**What is required:**
Please give back an exact reproduction of the lines from the one with "#134=CARTESIAN_POINT('',(24.3,10.,0.));" through the end of the entries below, and no others.

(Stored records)
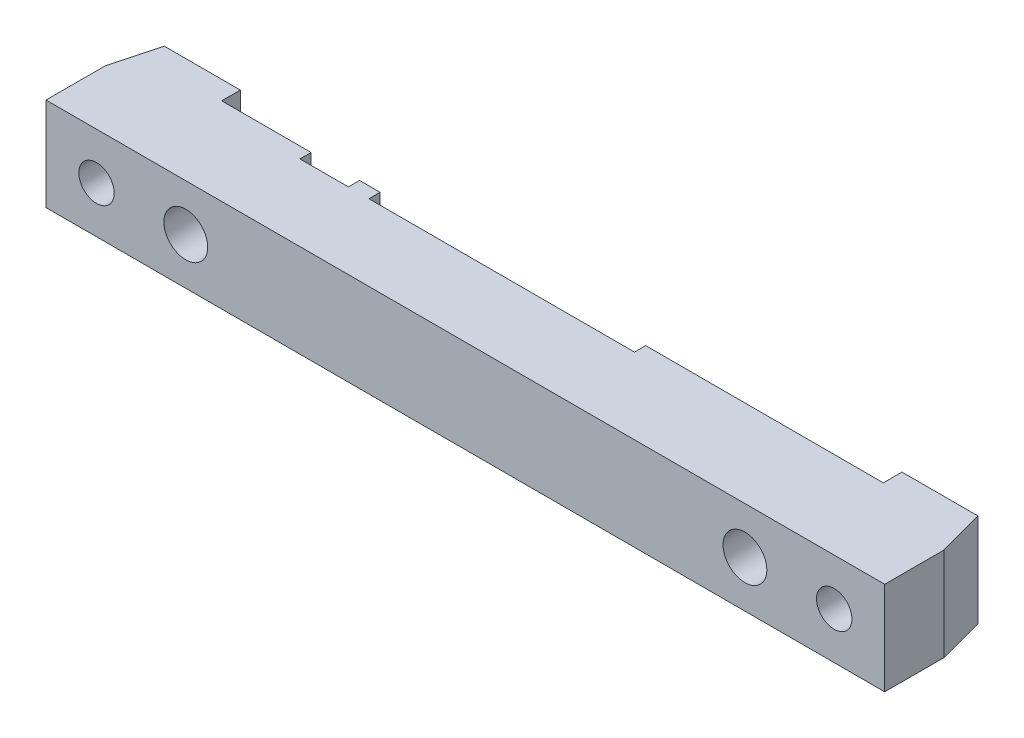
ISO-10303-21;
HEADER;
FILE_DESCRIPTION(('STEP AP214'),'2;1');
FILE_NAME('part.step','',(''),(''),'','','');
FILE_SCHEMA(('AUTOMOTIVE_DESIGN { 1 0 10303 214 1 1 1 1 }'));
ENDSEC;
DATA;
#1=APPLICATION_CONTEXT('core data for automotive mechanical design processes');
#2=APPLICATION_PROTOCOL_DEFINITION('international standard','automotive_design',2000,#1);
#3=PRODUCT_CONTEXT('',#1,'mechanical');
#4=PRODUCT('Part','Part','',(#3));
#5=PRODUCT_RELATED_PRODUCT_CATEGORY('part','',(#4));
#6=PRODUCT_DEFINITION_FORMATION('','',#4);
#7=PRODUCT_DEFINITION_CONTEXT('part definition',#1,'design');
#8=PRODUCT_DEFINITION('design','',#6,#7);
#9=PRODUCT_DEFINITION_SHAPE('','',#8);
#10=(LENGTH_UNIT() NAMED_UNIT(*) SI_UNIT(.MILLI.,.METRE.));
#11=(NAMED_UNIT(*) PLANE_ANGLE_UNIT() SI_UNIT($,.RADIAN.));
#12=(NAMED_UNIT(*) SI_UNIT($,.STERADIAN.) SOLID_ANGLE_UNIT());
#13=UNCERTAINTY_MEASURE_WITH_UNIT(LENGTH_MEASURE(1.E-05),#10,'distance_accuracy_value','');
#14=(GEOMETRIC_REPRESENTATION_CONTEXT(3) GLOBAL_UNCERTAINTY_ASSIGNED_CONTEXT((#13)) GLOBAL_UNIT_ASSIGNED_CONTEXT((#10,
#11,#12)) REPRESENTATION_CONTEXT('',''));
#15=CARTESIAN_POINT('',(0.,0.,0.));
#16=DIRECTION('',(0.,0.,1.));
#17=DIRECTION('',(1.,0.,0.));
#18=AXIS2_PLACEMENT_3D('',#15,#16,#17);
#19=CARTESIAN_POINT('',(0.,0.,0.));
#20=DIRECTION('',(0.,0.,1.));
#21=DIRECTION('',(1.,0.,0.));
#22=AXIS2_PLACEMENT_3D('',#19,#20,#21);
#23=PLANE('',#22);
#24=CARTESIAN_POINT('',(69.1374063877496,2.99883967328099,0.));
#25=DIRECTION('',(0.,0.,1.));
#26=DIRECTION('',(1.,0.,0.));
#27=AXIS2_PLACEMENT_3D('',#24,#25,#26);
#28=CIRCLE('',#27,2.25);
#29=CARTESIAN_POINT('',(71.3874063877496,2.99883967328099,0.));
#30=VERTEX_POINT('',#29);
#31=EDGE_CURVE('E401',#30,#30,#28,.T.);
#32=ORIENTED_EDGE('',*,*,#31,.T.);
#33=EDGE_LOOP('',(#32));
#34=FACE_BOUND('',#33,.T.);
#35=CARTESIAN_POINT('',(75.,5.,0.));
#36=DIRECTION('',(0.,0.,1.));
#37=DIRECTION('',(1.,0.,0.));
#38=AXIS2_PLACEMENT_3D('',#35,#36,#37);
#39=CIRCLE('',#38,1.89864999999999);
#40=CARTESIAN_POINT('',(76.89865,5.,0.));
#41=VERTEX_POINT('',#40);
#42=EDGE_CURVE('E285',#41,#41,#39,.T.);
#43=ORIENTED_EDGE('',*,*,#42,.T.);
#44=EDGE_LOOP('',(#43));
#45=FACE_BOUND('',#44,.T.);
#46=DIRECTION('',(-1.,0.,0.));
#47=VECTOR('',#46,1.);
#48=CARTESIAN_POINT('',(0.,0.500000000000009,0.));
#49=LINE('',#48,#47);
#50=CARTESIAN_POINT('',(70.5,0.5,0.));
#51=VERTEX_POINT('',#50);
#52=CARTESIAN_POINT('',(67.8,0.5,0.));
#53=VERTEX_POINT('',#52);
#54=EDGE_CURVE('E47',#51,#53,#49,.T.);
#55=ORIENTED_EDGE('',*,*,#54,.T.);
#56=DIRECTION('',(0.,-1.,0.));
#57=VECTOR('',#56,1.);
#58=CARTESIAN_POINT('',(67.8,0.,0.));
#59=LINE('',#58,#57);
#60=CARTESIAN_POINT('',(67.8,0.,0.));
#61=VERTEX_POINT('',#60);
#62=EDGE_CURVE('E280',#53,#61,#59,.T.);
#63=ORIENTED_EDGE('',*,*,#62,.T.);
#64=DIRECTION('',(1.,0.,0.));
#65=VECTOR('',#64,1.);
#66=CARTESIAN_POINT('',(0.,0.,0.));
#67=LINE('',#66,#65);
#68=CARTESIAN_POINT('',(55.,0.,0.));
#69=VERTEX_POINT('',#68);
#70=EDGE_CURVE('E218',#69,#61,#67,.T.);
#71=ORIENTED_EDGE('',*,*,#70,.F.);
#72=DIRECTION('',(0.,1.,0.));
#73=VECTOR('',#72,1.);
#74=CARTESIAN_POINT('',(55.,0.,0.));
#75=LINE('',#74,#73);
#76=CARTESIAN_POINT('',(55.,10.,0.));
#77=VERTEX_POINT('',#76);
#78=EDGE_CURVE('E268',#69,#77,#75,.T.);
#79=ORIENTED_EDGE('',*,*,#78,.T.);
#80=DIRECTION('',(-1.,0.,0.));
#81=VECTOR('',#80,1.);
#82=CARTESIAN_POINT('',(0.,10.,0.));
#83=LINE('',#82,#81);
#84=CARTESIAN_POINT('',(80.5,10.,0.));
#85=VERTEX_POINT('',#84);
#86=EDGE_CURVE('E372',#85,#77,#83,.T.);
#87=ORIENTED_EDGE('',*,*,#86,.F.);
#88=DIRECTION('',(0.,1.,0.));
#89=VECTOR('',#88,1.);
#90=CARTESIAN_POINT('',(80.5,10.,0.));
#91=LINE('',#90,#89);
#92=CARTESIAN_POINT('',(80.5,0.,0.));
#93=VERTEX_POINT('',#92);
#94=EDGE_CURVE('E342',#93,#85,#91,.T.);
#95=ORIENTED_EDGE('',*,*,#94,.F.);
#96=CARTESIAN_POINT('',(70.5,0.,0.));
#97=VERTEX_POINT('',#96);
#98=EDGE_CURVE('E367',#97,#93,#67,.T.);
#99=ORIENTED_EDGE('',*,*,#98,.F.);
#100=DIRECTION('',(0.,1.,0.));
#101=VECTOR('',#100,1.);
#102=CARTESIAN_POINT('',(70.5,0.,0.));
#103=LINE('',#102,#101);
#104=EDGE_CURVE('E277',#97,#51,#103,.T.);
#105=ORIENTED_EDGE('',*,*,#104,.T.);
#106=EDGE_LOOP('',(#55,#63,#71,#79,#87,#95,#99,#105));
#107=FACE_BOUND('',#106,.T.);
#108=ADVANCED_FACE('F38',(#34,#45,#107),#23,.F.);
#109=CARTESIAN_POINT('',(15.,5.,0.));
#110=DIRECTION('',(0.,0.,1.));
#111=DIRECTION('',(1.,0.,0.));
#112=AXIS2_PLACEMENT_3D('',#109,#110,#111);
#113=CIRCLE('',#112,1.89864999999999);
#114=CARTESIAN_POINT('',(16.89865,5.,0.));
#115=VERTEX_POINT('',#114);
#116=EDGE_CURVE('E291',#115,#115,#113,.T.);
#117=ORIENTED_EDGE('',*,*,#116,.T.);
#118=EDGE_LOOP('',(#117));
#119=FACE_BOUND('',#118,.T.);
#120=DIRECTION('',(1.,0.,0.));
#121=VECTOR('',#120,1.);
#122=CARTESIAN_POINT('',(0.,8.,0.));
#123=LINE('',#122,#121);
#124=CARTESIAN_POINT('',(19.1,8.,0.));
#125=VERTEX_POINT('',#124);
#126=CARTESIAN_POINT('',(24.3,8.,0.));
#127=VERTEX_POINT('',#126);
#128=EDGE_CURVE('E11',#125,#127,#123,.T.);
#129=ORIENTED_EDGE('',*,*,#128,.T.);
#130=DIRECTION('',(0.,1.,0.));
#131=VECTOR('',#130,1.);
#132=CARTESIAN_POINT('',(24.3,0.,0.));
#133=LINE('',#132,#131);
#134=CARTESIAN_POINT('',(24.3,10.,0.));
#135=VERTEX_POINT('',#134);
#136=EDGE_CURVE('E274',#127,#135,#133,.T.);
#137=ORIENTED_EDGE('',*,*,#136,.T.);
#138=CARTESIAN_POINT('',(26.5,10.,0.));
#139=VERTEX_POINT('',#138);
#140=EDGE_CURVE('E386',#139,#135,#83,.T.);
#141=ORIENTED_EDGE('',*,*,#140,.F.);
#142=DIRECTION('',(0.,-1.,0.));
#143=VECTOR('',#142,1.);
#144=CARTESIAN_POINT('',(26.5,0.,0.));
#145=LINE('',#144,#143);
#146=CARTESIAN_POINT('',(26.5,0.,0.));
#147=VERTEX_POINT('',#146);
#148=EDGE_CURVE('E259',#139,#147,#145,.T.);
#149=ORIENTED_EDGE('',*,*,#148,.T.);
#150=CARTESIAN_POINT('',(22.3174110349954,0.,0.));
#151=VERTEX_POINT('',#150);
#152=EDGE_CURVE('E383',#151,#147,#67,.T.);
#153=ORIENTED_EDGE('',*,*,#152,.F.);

**Final answer:**
#134=CARTESIAN_POINT('',(24.3,10.,0.));
#135=VERTEX_POINT('',#134);
#136=EDGE_CURVE('E274',#127,#135,#133,.T.);
#137=ORIENTED_EDGE('',*,*,#136,.T.);
#138=CARTESIAN_POINT('',(26.5,10.,0.));
#139=VERTEX_POINT('',#138);
#140=EDGE_CURVE('E386',#139,#135,#83,.T.);
#141=ORIENTED_EDGE('',*,*,#140,.F.);
#142=DIRECTION('',(0.,-1.,0.));
#143=VECTOR('',#142,1.);
#144=CARTESIAN_POINT('',(26.5,0.,0.));
#145=LINE('',#144,#143);
#146=CARTESIAN_POINT('',(26.5,0.,0.));
#147=VERTEX_POINT('',#146);
#148=EDGE_CURVE('E259',#139,#147,#145,.T.);
#149=ORIENTED_EDGE('',*,*,#148,.T.);
#150=CARTESIAN_POINT('',(22.3174110349954,0.,0.));
#151=VERTEX_POINT('',#150);
#152=EDGE_CURVE('E383',#151,#147,#67,.T.);
#153=ORIENTED_EDGE('',*,*,#152,.F.);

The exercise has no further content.